* **Action item**
The answer must be an exact copy of the records, with no pictures in it.

(Records from a collection)
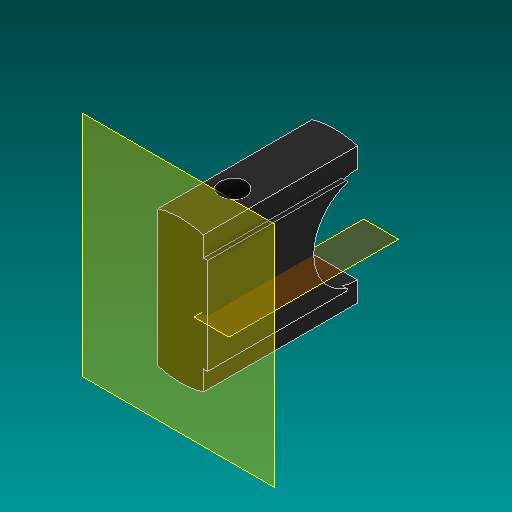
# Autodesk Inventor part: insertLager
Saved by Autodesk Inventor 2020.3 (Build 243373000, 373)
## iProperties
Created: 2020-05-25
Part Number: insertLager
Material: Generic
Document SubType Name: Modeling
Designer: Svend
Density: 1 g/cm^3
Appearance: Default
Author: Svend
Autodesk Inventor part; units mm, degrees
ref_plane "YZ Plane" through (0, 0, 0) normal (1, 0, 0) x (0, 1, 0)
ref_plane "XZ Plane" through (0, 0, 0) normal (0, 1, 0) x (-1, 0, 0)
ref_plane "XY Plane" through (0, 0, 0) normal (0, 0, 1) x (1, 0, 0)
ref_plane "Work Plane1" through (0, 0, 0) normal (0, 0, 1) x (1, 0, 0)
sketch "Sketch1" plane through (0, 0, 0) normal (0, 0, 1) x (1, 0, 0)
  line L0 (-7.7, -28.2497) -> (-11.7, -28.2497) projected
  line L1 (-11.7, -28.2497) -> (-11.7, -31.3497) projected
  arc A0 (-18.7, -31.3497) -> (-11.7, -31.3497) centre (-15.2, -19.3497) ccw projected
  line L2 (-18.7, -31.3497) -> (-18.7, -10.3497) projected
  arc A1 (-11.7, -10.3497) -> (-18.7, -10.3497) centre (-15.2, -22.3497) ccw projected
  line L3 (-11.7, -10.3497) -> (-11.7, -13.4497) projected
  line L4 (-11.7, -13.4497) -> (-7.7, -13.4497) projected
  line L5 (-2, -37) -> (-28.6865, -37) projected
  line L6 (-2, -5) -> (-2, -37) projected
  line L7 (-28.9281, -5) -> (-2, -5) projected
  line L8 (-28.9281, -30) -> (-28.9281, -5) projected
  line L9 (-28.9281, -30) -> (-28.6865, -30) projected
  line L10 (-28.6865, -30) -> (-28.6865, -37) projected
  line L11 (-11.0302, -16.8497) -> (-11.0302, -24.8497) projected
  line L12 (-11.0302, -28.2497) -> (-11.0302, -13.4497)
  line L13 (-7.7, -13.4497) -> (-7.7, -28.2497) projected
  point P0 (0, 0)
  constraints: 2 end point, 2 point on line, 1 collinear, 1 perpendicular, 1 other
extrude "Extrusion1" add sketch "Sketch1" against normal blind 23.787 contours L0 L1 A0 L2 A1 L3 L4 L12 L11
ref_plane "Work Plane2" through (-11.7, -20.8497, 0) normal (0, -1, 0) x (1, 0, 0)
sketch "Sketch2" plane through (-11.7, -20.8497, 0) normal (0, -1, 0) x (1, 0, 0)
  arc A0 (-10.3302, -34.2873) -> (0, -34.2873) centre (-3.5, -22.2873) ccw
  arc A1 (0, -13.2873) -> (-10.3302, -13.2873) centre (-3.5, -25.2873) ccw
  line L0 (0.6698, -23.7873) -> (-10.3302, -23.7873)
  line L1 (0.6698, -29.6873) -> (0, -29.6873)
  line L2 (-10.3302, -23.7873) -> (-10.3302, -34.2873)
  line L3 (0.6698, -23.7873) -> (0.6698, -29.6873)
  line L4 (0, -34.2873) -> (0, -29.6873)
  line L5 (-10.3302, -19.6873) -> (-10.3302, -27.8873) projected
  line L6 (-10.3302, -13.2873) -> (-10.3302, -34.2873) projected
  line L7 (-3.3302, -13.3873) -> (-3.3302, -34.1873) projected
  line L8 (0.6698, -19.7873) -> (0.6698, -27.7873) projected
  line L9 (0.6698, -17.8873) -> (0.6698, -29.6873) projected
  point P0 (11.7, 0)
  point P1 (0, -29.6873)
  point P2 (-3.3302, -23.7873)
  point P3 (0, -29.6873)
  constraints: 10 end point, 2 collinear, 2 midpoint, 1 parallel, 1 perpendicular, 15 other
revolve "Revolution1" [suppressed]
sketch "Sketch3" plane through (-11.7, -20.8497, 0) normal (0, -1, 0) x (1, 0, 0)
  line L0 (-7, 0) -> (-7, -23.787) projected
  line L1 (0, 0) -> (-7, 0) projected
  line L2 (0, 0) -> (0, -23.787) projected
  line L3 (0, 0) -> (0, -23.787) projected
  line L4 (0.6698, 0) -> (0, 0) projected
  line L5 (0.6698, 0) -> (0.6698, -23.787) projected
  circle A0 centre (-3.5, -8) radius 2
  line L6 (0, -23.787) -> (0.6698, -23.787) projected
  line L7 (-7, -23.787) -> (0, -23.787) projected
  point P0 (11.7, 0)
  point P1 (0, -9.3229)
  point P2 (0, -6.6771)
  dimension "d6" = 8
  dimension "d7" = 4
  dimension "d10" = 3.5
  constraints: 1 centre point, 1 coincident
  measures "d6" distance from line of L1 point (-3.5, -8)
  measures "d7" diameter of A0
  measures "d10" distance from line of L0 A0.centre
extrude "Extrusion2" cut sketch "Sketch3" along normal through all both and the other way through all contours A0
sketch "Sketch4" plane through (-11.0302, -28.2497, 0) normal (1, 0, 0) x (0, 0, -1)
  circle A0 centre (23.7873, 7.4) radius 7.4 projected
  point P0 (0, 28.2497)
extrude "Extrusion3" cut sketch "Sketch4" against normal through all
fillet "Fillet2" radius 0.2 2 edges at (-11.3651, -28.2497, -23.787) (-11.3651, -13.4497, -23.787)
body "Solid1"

* **Solution below**
# Autodesk Inventor part: insertLager
Saved by Autodesk Inventor 2020.3 (Build 243373000, 373)
## iProperties
Created: 2020-05-25
Part Number: insertLager
Material: Generic
Document SubType Name: Modeling
Designer: Svend
Density: 1 g/cm^3
Appearance: Default
Author: Svend
Autodesk Inventor part; units mm, degrees
ref_plane "YZ Plane" through (0, 0, 0) normal (1, 0, 0) x (0, 1, 0)
ref_plane "XZ Plane" through (0, 0, 0) normal (0, 1, 0) x (-1, 0, 0)
ref_plane "XY Plane" through (0, 0, 0) normal (0, 0, 1) x (1, 0, 0)
ref_plane "Work Plane1" through (0, 0, 0) normal (0, 0, 1) x (1, 0, 0)
sketch "Sketch1" plane through (0, 0, 0) normal (0, 0, 1) x (1, 0, 0)
  line L0 (-7.7, -28.2497) -> (-11.7, -28.2497) projected
  line L1 (-11.7, -28.2497) -> (-11.7, -31.3497) projected
  arc A0 (-18.7, -31.3497) -> (-11.7, -31.3497) centre (-15.2, -19.3497) ccw projected
  line L2 (-18.7, -31.3497) -> (-18.7, -10.3497) projected
  arc A1 (-11.7, -10.3497) -> (-18.7, -10.3497) centre (-15.2, -22.3497) ccw projected
  line L3 (-11.7, -10.3497) -> (-11.7, -13.4497) projected
  line L4 (-11.7, -13.4497) -> (-7.7, -13.4497) projected
  line L5 (-2, -37) -> (-28.6865, -37) projected
  line L6 (-2, -5) -> (-2, -37) projected
  line L7 (-28.9281, -5) -> (-2, -5) projected
  line L8 (-28.9281, -30) -> (-28.9281, -5) projected
  line L9 (-28.9281, -30) -> (-28.6865, -30) projected
  line L10 (-28.6865, -30) -> (-28.6865, -37) projected
  line L11 (-11.0302, -16.8497) -> (-11.0302, -24.8497) projected
  line L12 (-11.0302, -28.2497) -> (-11.0302, -13.4497)
  line L13 (-7.7, -13.4497) -> (-7.7, -28.2497) projected
  point P0 (0, 0)
  constraints: 2 end point, 2 point on line, 1 collinear, 1 perpendicular, 1 other
extrude "Extrusion1" add sketch "Sketch1" against normal blind 23.787 contours L0 L1 A0 L2 A1 L3 L4 L12 L11
ref_plane "Work Plane2" through (-11.7, -20.8497, 0) normal (0, -1, 0) x (1, 0, 0)
sketch "Sketch2" plane through (-11.7, -20.8497, 0) normal (0, -1, 0) x (1, 0, 0)
  arc A0 (-10.3302, -34.2873) -> (0, -34.2873) centre (-3.5, -22.2873) ccw
  arc A1 (0, -13.2873) -> (-10.3302, -13.2873) centre (-3.5, -25.2873) ccw
  line L0 (0.6698, -23.7873) -> (-10.3302, -23.7873)
  line L1 (0.6698, -29.6873) -> (0, -29.6873)
  line L2 (-10.3302, -23.7873) -> (-10.3302, -34.2873)
  line L3 (0.6698, -23.7873) -> (0.6698, -29.6873)
  line L4 (0, -34.2873) -> (0, -29.6873)
  line L5 (-10.3302, -19.6873) -> (-10.3302, -27.8873) projected
  line L6 (-10.3302, -13.2873) -> (-10.3302, -34.2873) projected
  line L7 (-3.3302, -13.3873) -> (-3.3302, -34.1873) projected
  line L8 (0.6698, -19.7873) -> (0.6698, -27.7873) projected
  line L9 (0.6698, -17.8873) -> (0.6698, -29.6873) projected
  point P0 (11.7, 0)
  point P1 (0, -29.6873)
  point P2 (-3.3302, -23.7873)
  point P3 (0, -29.6873)
  constraints: 10 end point, 2 collinear, 2 midpoint, 1 parallel, 1 perpendicular, 15 other
revolve "Revolution1" [suppressed]
sketch "Sketch3" plane through (-11.7, -20.8497, 0) normal (0, -1, 0) x (1, 0, 0)
  line L0 (-7, 0) -> (-7, -23.787) projected
  line L1 (0, 0) -> (-7, 0) projected
  line L2 (0, 0) -> (0, -23.787) projected
  line L3 (0, 0) -> (0, -23.787) projected
  line L4 (0.6698, 0) -> (0, 0) projected
  line L5 (0.6698, 0) -> (0.6698, -23.787) projected
  circle A0 centre (-3.5, -8) radius 2
  line L6 (0, -23.787) -> (0.6698, -23.787) projected
  line L7 (-7, -23.787) -> (0, -23.787) projected
  point P0 (11.7, 0)
  point P1 (0, -9.3229)
  point P2 (0, -6.6771)
  dimension "d6" = 8
  dimension "d7" = 4
  dimension "d10" = 3.5
  constraints: 1 centre point, 1 coincident
  measures "d6" distance from line of L1 point (-3.5, -8)
  measures "d7" diameter of A0
  measures "d10" distance from line of L0 A0.centre
extrude "Extrusion2" cut sketch "Sketch3" along normal through all both and the other way through all contours A0
sketch "Sketch4" plane through (-11.0302, -28.2497, 0) normal (1, 0, 0) x (0, 0, -1)
  circle A0 centre (23.7873, 7.4) radius 7.4 projected
  point P0 (0, 28.2497)
extrude "Extrusion3" cut sketch "Sketch4" against normal through all
fillet "Fillet2" radius 0.2 2 edges at (-11.3651, -28.2497, -23.787) (-11.3651, -13.4497, -23.787)
body "Solid1"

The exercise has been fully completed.